Brief - Reproduce exactly the lines below from the one containing "CAM1-5V: U12.9 (Din);" through the one containing "MCU-CAM1: U12.10 (Dout);", including both, and nothing else.

Records to process -
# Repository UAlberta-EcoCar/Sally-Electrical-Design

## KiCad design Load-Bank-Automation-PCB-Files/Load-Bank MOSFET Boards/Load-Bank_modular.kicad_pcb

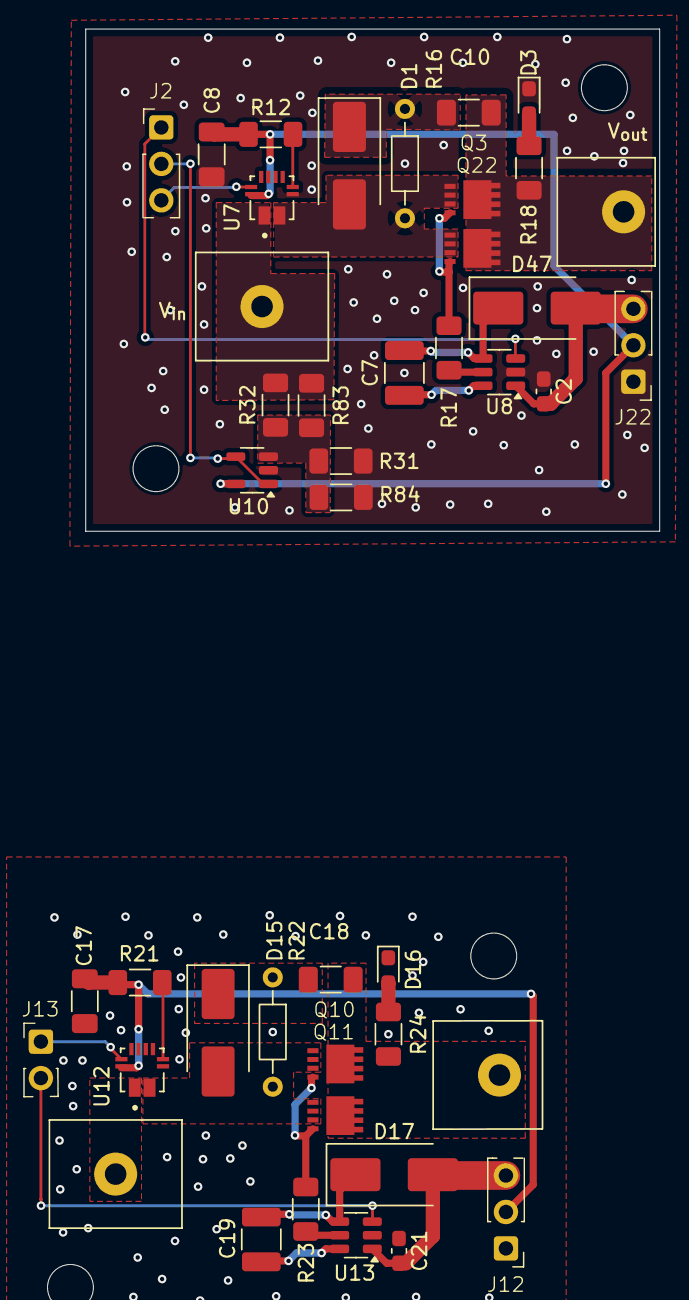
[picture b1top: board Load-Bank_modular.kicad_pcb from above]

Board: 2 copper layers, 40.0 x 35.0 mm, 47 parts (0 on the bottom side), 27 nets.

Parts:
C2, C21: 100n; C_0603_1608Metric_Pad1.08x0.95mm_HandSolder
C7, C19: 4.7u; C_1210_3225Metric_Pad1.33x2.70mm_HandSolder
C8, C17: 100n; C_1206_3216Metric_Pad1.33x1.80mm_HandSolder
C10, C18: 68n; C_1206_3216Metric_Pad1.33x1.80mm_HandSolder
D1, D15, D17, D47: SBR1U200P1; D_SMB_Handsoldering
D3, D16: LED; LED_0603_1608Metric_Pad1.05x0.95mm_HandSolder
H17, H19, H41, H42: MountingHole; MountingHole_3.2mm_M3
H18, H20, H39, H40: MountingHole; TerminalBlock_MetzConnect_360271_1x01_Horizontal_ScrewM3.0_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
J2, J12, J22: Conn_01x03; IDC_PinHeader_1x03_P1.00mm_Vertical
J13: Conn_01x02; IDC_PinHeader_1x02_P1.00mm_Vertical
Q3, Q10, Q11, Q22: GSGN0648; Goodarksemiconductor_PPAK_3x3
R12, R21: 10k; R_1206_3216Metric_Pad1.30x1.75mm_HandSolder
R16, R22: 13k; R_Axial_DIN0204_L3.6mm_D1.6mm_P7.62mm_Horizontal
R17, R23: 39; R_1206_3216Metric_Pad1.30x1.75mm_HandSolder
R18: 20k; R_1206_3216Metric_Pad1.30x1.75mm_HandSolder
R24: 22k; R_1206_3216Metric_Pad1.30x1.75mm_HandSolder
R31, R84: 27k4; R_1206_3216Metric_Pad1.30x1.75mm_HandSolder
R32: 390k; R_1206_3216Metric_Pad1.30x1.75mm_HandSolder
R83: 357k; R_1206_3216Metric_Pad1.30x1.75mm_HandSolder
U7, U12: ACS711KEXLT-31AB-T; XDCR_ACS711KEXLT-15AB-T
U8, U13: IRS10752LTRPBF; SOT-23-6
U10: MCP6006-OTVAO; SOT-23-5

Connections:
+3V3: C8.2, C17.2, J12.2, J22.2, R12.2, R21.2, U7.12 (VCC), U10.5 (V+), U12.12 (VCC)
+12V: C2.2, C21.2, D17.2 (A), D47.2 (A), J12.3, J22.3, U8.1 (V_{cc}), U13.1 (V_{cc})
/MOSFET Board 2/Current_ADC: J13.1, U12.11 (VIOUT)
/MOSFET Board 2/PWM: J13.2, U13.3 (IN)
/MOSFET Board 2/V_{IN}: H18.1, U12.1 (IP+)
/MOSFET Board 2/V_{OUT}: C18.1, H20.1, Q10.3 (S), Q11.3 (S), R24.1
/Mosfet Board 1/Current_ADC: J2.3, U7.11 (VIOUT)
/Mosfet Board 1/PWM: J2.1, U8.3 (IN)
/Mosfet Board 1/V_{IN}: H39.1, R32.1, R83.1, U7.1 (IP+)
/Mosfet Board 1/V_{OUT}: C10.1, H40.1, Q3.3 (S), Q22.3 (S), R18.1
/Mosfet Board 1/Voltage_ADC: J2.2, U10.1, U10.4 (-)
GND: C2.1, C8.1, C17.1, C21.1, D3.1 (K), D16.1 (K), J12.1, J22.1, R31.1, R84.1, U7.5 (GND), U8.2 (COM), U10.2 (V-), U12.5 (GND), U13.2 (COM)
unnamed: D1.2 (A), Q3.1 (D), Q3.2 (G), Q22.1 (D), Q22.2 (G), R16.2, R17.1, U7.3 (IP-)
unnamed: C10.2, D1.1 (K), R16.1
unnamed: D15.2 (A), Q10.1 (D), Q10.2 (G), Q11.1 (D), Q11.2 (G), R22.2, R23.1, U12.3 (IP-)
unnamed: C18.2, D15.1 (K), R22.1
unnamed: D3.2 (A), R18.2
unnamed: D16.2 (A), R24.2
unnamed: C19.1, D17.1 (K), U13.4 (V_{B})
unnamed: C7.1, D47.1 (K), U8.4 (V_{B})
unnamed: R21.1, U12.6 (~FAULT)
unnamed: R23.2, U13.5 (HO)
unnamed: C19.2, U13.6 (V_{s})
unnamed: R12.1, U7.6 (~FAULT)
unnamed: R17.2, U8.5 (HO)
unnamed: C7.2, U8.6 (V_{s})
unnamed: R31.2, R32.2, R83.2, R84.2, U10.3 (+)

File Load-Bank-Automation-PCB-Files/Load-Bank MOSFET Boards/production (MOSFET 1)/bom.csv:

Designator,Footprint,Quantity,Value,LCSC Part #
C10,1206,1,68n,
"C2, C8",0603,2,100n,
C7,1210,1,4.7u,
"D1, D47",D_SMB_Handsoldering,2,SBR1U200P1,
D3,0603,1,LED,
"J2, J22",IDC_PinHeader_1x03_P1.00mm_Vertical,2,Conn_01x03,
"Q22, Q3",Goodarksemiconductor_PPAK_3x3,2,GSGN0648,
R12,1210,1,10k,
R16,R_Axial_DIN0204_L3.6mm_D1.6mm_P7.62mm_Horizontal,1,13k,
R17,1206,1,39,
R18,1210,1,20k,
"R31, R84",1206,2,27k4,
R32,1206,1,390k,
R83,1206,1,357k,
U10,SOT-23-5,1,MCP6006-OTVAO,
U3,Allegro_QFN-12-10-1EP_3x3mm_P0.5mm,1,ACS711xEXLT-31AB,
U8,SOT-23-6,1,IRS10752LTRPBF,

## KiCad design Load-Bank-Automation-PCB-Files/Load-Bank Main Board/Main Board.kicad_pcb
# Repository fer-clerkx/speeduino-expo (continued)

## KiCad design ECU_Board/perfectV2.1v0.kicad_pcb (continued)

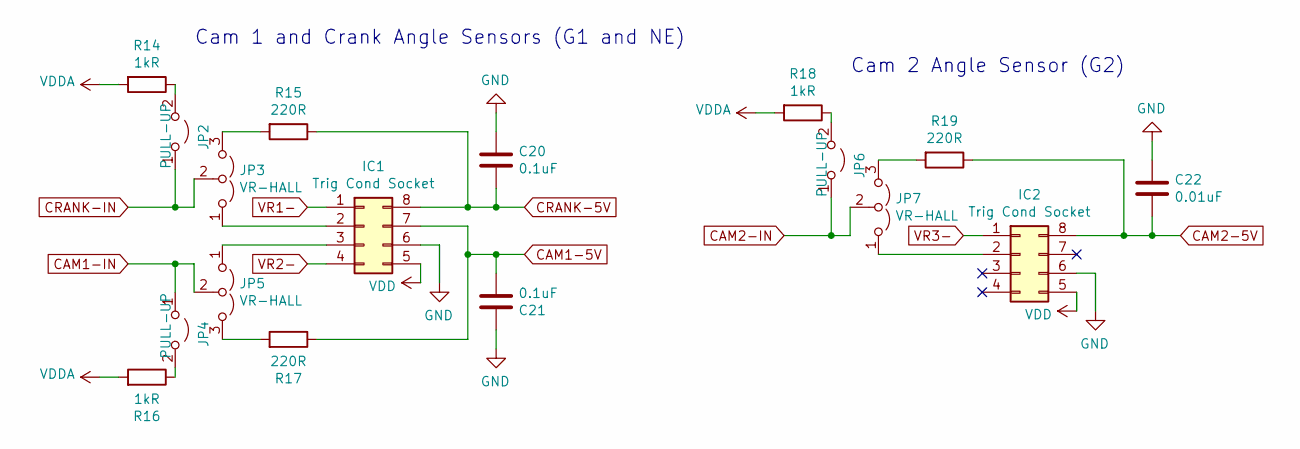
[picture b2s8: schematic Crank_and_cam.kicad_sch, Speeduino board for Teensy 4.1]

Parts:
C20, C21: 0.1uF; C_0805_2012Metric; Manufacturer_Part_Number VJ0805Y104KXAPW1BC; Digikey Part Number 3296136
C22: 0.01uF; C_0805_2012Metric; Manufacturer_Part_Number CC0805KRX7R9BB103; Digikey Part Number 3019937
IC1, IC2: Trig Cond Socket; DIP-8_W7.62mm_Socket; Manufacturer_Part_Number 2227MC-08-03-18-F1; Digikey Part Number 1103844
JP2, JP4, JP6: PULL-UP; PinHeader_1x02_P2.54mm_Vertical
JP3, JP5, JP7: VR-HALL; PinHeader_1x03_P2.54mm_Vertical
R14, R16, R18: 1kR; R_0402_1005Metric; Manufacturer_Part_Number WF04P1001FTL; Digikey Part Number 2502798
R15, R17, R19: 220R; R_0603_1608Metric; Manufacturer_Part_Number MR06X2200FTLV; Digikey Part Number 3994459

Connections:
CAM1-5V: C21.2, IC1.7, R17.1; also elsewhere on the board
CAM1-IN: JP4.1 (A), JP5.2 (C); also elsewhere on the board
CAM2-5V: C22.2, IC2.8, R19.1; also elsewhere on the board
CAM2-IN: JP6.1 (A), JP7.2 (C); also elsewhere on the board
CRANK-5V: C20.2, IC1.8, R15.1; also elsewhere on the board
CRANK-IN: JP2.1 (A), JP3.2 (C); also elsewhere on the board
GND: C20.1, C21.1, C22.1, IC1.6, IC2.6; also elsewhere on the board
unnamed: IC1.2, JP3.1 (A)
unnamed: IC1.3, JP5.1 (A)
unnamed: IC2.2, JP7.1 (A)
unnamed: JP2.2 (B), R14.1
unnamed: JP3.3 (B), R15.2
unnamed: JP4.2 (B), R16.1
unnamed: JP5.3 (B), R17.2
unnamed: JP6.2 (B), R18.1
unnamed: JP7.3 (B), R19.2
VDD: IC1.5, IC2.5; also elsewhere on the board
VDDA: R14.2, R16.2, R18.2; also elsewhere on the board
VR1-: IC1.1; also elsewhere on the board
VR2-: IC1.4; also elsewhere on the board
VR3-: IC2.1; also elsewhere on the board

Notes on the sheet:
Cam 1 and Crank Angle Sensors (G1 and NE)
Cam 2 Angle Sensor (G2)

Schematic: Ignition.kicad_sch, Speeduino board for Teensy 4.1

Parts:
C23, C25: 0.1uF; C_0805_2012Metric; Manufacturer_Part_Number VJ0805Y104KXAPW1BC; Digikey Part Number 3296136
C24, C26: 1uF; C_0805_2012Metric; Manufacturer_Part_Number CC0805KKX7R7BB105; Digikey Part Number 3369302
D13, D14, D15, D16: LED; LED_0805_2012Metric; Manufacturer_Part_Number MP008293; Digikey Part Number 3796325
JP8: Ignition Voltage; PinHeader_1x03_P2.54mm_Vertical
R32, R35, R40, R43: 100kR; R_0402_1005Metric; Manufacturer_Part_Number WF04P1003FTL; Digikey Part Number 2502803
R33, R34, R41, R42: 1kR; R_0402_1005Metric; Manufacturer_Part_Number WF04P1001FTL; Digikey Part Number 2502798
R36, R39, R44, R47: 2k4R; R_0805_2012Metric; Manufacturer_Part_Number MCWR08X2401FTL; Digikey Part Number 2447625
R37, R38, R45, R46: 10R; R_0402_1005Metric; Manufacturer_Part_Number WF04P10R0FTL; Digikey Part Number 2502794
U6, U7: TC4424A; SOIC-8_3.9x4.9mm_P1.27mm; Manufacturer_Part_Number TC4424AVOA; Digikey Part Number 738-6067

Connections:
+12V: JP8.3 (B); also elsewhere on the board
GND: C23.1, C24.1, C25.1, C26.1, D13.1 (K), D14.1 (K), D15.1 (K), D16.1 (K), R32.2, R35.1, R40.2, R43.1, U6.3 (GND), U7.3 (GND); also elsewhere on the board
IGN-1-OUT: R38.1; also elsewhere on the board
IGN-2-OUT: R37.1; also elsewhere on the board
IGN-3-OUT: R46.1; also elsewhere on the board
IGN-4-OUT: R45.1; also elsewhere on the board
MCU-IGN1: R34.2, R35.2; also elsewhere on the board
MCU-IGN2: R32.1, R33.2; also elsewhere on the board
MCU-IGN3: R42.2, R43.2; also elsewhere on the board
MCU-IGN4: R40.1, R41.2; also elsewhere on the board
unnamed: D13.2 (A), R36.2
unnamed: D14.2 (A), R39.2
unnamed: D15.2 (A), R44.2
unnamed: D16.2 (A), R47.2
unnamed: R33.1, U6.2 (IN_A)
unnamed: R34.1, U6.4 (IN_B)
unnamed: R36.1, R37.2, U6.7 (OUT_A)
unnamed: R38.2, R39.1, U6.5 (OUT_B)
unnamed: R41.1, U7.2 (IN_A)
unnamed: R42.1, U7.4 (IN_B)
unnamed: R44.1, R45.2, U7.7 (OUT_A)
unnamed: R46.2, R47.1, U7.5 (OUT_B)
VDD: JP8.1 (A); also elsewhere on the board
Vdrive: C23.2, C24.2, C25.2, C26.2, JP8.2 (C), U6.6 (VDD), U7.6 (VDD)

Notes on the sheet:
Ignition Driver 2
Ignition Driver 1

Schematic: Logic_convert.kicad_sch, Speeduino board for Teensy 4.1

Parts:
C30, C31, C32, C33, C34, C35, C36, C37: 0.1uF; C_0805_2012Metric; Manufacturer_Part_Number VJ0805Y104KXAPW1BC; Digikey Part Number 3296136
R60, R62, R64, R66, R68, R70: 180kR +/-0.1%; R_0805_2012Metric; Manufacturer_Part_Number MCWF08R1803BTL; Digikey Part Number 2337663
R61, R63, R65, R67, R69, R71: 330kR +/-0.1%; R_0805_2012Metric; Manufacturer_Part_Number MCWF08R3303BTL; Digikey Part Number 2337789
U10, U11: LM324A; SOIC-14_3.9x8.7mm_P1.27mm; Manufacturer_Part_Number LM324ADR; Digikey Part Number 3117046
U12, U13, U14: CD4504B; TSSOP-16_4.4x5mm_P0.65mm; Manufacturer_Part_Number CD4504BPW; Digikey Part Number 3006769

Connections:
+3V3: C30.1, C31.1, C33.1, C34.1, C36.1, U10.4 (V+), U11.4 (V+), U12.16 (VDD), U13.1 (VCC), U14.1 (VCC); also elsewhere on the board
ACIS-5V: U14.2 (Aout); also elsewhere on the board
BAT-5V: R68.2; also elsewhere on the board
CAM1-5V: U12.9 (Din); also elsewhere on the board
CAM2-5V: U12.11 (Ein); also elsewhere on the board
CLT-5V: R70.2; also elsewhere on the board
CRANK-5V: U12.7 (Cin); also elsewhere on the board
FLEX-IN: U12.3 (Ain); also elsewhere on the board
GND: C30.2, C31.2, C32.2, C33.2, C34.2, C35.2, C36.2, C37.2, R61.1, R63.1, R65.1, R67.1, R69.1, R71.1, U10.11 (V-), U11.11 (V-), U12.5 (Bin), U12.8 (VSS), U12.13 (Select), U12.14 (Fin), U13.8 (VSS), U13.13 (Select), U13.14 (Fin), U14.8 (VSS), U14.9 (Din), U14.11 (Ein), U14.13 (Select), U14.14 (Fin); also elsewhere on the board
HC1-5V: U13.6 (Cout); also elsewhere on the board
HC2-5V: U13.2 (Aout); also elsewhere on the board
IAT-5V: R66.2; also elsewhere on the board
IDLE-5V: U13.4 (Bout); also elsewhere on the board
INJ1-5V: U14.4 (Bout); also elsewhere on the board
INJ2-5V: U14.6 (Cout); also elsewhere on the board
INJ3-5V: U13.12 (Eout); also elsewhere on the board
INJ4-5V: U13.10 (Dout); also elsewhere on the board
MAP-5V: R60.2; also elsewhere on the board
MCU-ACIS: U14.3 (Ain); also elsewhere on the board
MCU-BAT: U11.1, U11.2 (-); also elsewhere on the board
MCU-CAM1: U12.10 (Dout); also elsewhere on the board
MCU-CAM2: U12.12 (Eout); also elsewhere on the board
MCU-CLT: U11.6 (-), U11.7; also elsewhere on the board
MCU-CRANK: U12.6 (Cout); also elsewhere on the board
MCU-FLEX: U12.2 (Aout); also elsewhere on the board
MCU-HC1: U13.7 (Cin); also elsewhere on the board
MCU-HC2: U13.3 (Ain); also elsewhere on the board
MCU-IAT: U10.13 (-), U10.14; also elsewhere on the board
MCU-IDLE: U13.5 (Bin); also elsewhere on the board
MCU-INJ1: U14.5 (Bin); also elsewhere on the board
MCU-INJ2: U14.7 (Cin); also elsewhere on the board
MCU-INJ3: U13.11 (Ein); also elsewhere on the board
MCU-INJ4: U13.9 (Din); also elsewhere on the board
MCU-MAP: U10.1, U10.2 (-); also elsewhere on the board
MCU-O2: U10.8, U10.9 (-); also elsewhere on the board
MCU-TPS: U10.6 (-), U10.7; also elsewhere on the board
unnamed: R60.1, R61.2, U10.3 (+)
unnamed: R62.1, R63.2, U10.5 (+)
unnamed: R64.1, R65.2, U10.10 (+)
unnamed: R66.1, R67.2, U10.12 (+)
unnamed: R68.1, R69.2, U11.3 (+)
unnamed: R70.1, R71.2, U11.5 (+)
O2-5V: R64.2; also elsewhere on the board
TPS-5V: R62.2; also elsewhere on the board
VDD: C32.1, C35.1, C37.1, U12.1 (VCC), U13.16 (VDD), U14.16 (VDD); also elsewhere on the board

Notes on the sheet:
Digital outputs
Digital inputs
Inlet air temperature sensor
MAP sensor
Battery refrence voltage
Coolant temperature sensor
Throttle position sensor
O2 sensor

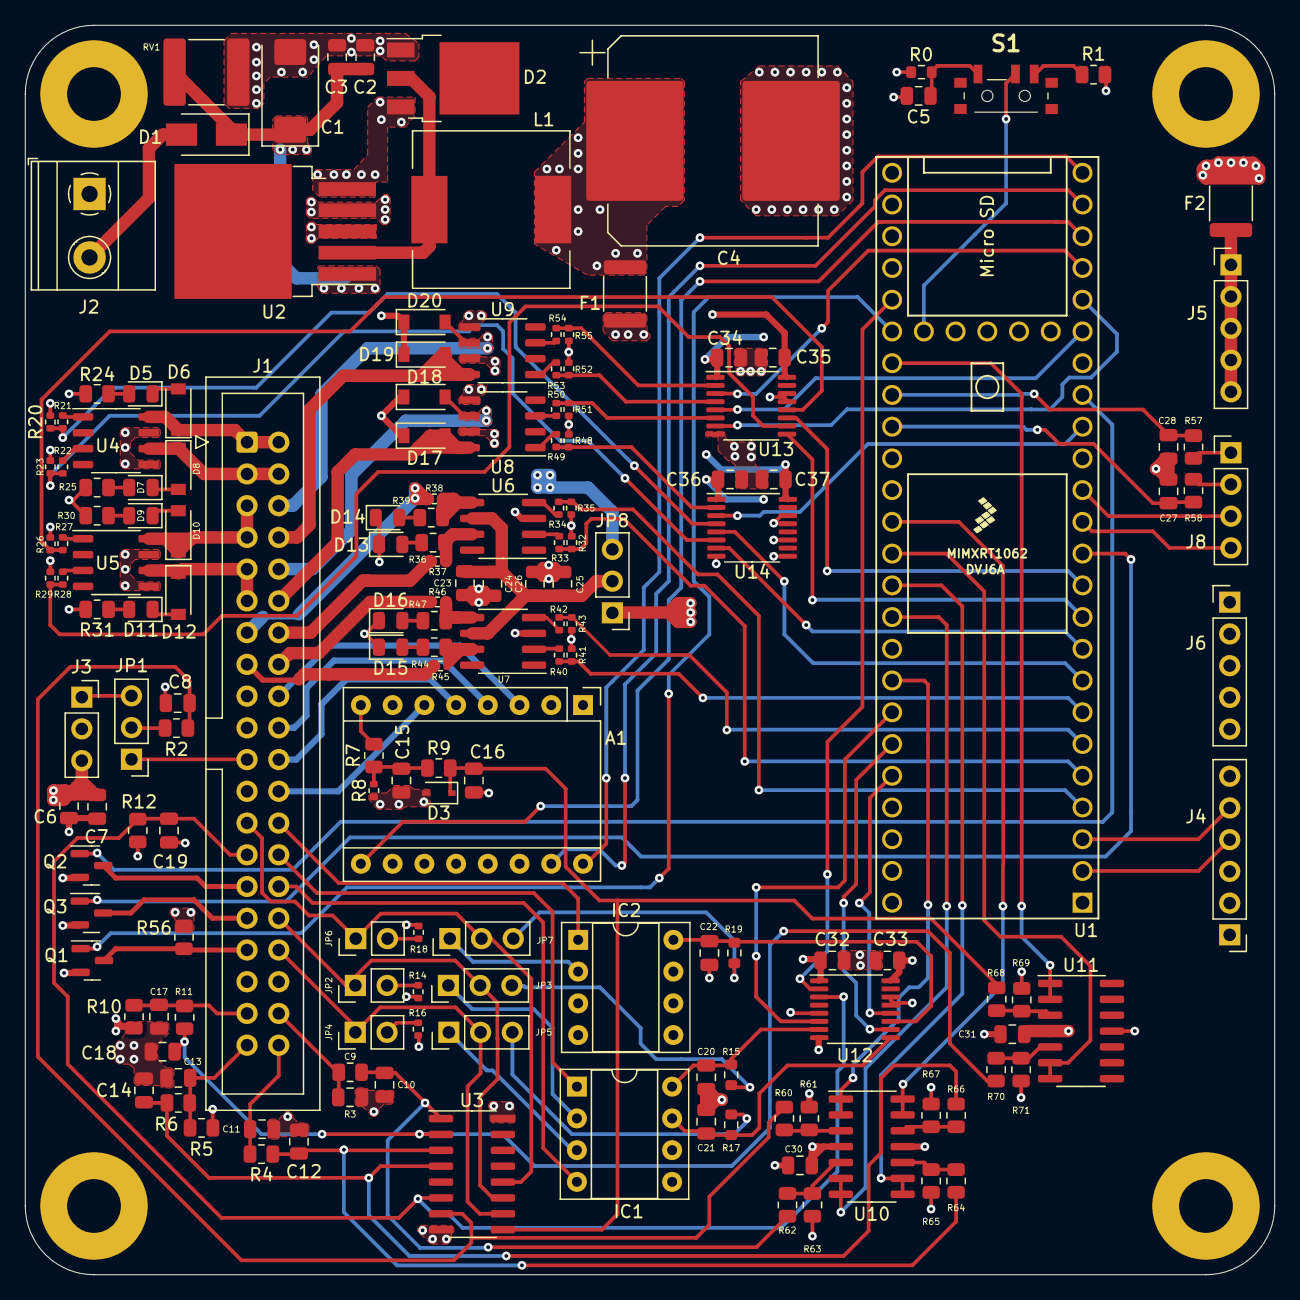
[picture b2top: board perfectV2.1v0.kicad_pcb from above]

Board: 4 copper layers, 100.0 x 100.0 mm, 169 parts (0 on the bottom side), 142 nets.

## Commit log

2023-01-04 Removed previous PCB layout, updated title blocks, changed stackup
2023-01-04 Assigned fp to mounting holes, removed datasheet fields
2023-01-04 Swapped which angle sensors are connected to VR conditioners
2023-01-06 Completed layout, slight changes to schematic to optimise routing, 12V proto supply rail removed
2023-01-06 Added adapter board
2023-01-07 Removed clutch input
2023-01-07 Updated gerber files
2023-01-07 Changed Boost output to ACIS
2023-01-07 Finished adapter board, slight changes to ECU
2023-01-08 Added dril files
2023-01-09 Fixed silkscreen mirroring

Exercise answer -
CAM1-5V: U12.9 (Din); also elsewhere on the board
CAM2-5V: U12.11 (Ein); also elsewhere on the board
CLT-5V: R70.2; also elsewhere on the board
CRANK-5V: U12.7 (Cin); also elsewhere on the board
FLEX-IN: U12.3 (Ain); also elsewhere on the board
GND: C30.2, C31.2, C32.2, C33.2, C34.2, C35.2, C36.2, C37.2, R61.1, R63.1, R65.1, R67.1, R69.1, R71.1, U10.11 (V-), U11.11 (V-), U12.5 (Bin), U12.8 (VSS), U12.13 (Select), U12.14 (Fin), U13.8 (VSS), U13.13 (Select), U13.14 (Fin), U14.8 (VSS), U14.9 (Din), U14.11 (Ein), U14.13 (Select), U14.14 (Fin); also elsewhere on the board
HC1-5V: U13.6 (Cout); also elsewhere on the board
HC2-5V: U13.2 (Aout); also elsewhere on the board
IAT-5V: R66.2; also elsewhere on the board
IDLE-5V: U13.4 (Bout); also elsewhere on the board
INJ1-5V: U14.4 (Bout); also elsewhere on the board
INJ2-5V: U14.6 (Cout); also elsewhere on the board
INJ3-5V: U13.12 (Eout); also elsewhere on the board
INJ4-5V: U13.10 (Dout); also elsewhere on the board
MAP-5V: R60.2; also elsewhere on the board
MCU-ACIS: U14.3 (Ain); also elsewhere on the board
MCU-BAT: U11.1, U11.2 (-); also elsewhere on the board
MCU-CAM1: U12.10 (Dout); also elsewhere on the board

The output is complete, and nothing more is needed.